I chose to go with higher capacity over a slight bumper in RPM. SSD prices are so close to being sane now (IMHO c'mon Intel G3!) that I will probably get one soon and move the HDD to the opti bay and have speed and capacity in two internal drives.
 
From my experience with notebook drives, Samsung is DEAD silent, every other drive makes noise. WD appears to be more silent than Seagate.
 
From my experience with notebook drives, Samsung is DEAD silent,

^This.

I don't know why. Have a 3 year old 500gb Samsung drive I got off ebay running probably 12 hours a day. I've never heard it. :eek:

I used to think all components were created equal in this international "cheap labor" assembly process but I've since become a Samsung fan. Even their no-frill phones seem to hold up and last longer.
 
I chose to go with higher capacity over a slight bumper in RPM. SSD prices are so close to being sane now (IMHO c'mon Intel G3!) that I will probably get one soon and move the HDD to the opti bay and have speed and capacity in two internal drives.

I second this approach, although I don't understand why you would buy a 750GB HD instead of a 1TB.

http://goo.gl/C32UP

They are a little more (barely), and have a lot more storage.

Drop that baby in - then put in a 64GB SSD a little while later for your OS. Perfect setup.
 
I second this approach, although I don't understand why you would buy a 750GB HD instead of a 1TB.

http://goo.gl/C32UP

They are a little more (barely), and have a lot more storage.

Drop that baby in - then put in a 64GB SSD a little while later for your OS. Perfect setup.

Ok I'm conused here, how do I have 64GB SSD + 1TB HDD in my 13.3" 2010 MBP ? Could someone please enlighten me little bit here ? A link to whole process would be really divine :).
 
Okay I'm getting my new Segate 750GB + 8GB RAM delivered today from NewEgg.
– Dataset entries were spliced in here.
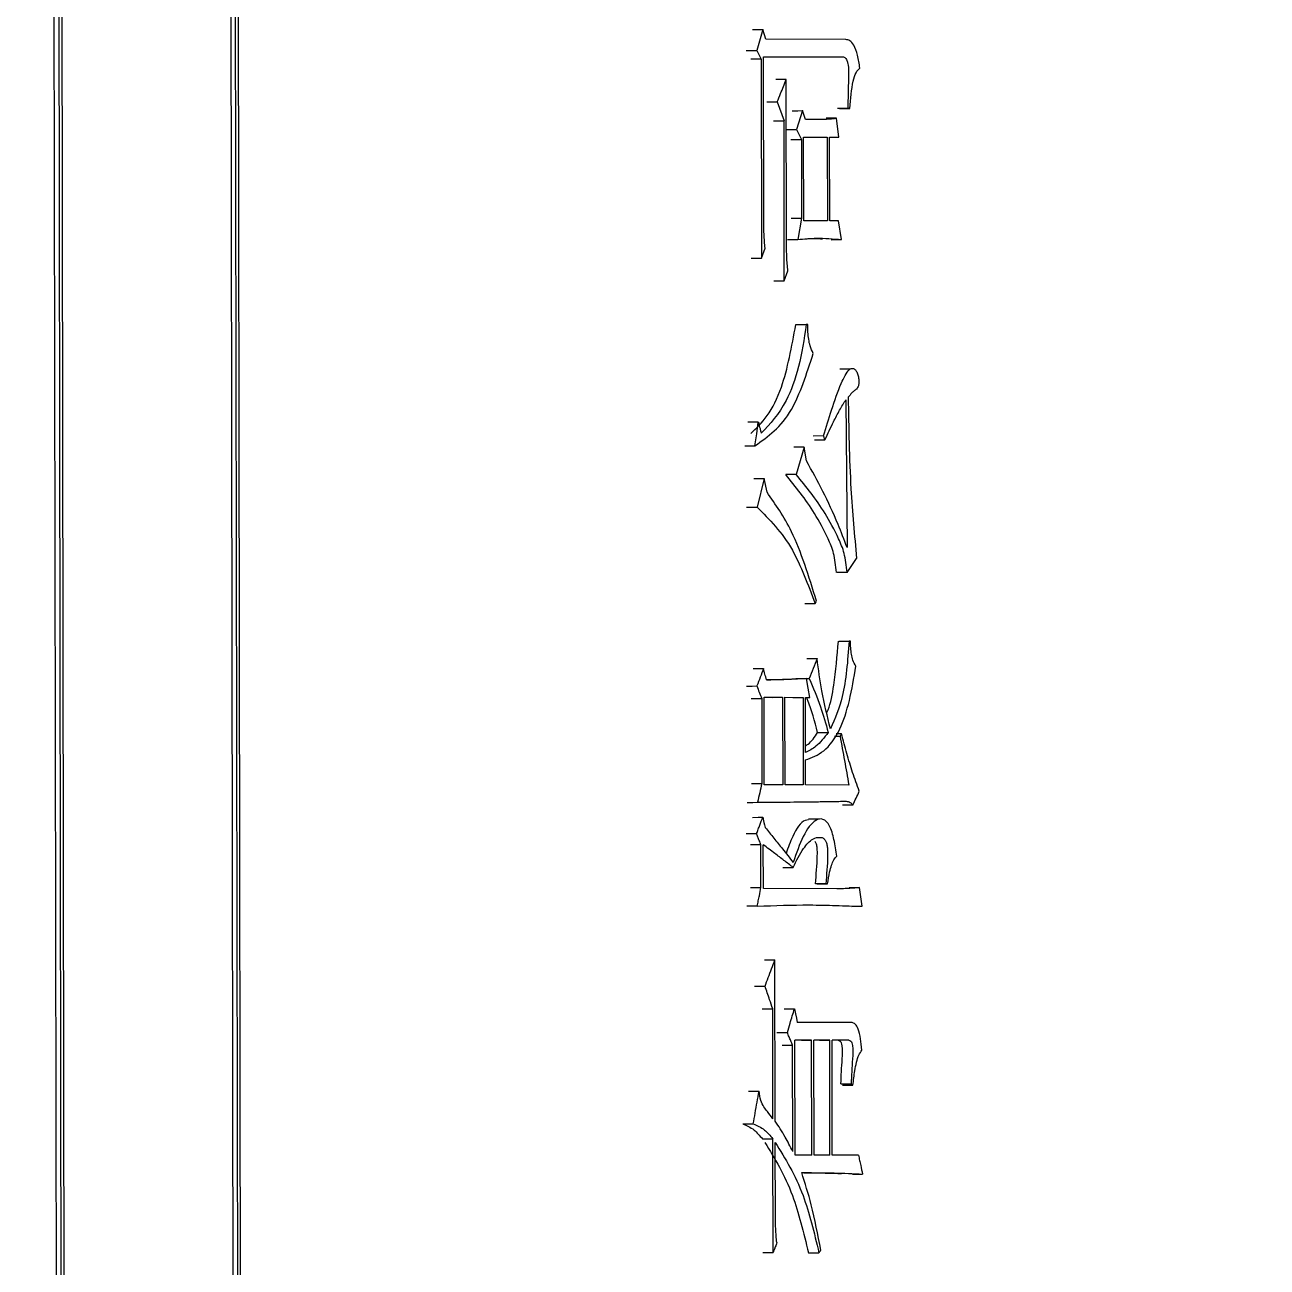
# Model space of a CAD drawing. Header units: millimetres. Extents: x 2320 to 4000, y 933 to 2121.
# Drawn here: x 2926.8 to 2937.54, y 1116.65 to 1127.4 of the extents above; entities that cross this region are included whole.
import ezdxf

# ---------------------------------------------------------------- set-up
doc = ezdxf.new("R2010")
doc.units = ezdxf.units.MM

msp = doc.modelspace()

# ---------------------------------------------------------------- linework, layer by layer
at = {"color": 7, "linetype": 'Continuous', "lineweight": 25}
for p, q in [((2927.049, 1129.851), (2927.086, 1107.718)), ((2927.09, 1129.851), (2927.128, 1107.719)), ((2927.116, 1129.801), (2927.153, 1107.769)), ((2928.578, 1129.8), (2928.615, 1107.767)), ((2928.657, 1107.767), (2928.62, 1129.8)), ((2928.681, 1107.717), (2928.644, 1129.85)), ((2933.183, 1127.359), (2933.129, 1127.176)), ((2933.208, 1127.273), (2933.183, 1127.359)), ((2933.899, 1127.271), (2933.208, 1127.273)), ((2933.129, 1127.176), (2933.167, 1127.1)), ((2933.167, 1127.1), (2933.17, 1125.38)), ((2933.187, 1127.122), (2933.88, 1127.12)), ((2933.19, 1125.683), (2933.187, 1127.122)), ((2933.387, 1125.488), (2933.384, 1126.926)), ((2933.217, 1126.732), (2933.307, 1126.732)), ((2933.307, 1126.732), (2933.365, 1126.569)), ((2933.916, 1126.676), (2933.827, 1126.676)), ((2933.846, 1126.676), (2933.935, 1126.676)), ((2933.935, 1126.676), (2933.916, 1126.676)), ((2933.367, 1125.185), (2933.365, 1126.569)), ((2933.526, 1126.656), (2933.474, 1126.493)), ((2933.551, 1126.58), (2933.526, 1126.656)), ((2933.719, 1126.579), (2933.551, 1126.58)), ((2933.818, 1126.59), (2933.729, 1126.59)), ((2933.838, 1126.428), (2933.818, 1126.59)), ((2933.474, 1126.493), (2933.515, 1126.407)), ((2933.515, 1126.407), (2933.516, 1125.725)), ((2933.535, 1126.428), (2933.739, 1126.428)), ((2933.536, 1125.704), (2933.535, 1126.428)), ((2933.65, 1126.428), (2933.739, 1126.428)), ((2933.739, 1126.428), (2933.74, 1125.703)), ((2933.759, 1126.428), (2933.838, 1126.428)), ((2933.76, 1125.703), (2933.759, 1126.428)), ((2933.759, 1126.427), (2933.838, 1126.428)), ((2933.426, 1125.725), (2933.516, 1125.725)), ((2933.516, 1125.725), (2933.484, 1125.542)), ((2933.74, 1125.703), (2933.536, 1125.704)), ((2933.835, 1125.703), (2933.76, 1125.703)), ((2933.863, 1125.541), (2933.835, 1125.703)), ((2933.774, 1125.54), (2933.863, 1125.541)), ((2933.08, 1125.38), (2933.17, 1125.38)), ((2933.17, 1125.38), (2933.202, 1125.466)), ((2933.367, 1125.185), (2933.399, 1125.271)), ((2933.277, 1125.185), (2933.367, 1125.185)), ((2933.468, 1124.806), (2933.558, 1124.806)), ((2933.57, 1124.806), (2933.558, 1124.806)), ((2933.936, 1124.421), (2933.847, 1124.421)), ((2933.9, 1124.156), (2933.91, 1122.879)), ((2933.025, 1123.757), (2933.114, 1123.758)), ((2933.707, 1123.843), (2933.618, 1123.842)), ((2933.63, 1123.81), (2933.719, 1123.81)), ((2933.539, 1123.746), (2933.471, 1123.508)), ((2933.56, 1123.627), (2933.539, 1123.746)), ((2933.193, 1123.476), (2933.132, 1123.227)), ((2933.218, 1123.357), (2933.193, 1123.476)), ((2933.911, 1122.663), (2933.993, 1122.782)), ((2933.911, 1122.663), (2933.822, 1122.663)), ((2933.545, 1122.393), (2933.634, 1122.393)), ((2933.634, 1122.393), (2933.646, 1122.415)), ((2933.838, 1122.068), (2933.928, 1122.068)), ((2933.939, 1122.068), (2933.928, 1122.068)), ((2933.561, 1121.917), (2933.651, 1121.917)), ((2933.559, 1121.744), (2933.583, 1121.744)), ((2933.172, 1121.572), (2933.173, 1120.837)), ((2933.193, 1121.583), (2933.353, 1121.583)), ((2933.194, 1120.826), (2933.193, 1121.583)), ((2933.263, 1121.582), (2933.353, 1121.583)), ((2933.353, 1121.583), (2933.354, 1120.826)), ((2933.373, 1121.583), (2933.531, 1121.582)), ((2933.374, 1120.825), (2933.373, 1121.583)), ((2933.441, 1121.582), (2933.531, 1121.582)), ((2933.531, 1121.582), (2933.532, 1120.825)), ((2933.551, 1121.582), (2933.587, 1121.582)), ((2933.552, 1121.106), (2933.551, 1121.582)), ((2933.551, 1121.582), (2933.587, 1121.582)), ((2933.801, 1121.246), (2933.85, 1121.246)), ((2933.862, 1121.268), (2933.817, 1121.268)), ((2933.552, 1120.825), (2933.552, 1121.041)), ((2933.083, 1120.836), (2933.173, 1120.837)), ((2933.354, 1120.826), (2933.194, 1120.826)), ((2933.532, 1120.825), (2933.374, 1120.825)), ((2933.926, 1120.824), (2933.552, 1120.825)), ((2933.811, 1120.683), (2933.902, 1120.684)), ((2933.668, 1120.529), (2933.578, 1120.529)), ((2933.038, 1120.404), (2933.128, 1120.404)), ((2933.166, 1120.307), (2933.076, 1120.306)), ((2933.166, 1119.939), (2933.166, 1120.307)), ((2933.187, 1119.928), (2933.186, 1120.307)), ((2933.355, 1120.111), (2933.444, 1120.111)), ((2933.076, 1119.939), (2933.166, 1119.939)), ((2933.821, 1119.927), (2933.187, 1119.928)), ((2933.726, 1119.97), (2933.637, 1119.97)), ((2933.652, 1119.97), (2933.742, 1119.97)), ((2933.726, 1119.97), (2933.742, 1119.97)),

I'm going to take out my existing HDD and put new one (will wait for 128GB SSD to come down on price before taking a plunge with data doubler). Anyone knows if I need to do anything special for putting new 750GB HDD into my MBP apart from take timemachine backup of old, put new one in and put time machine restore back on new one ? How about creating partitions so I can keep programs in first 250GB of partition and data in rest of 500GB of partition. Never done partition in Mac so not sure how to go about it.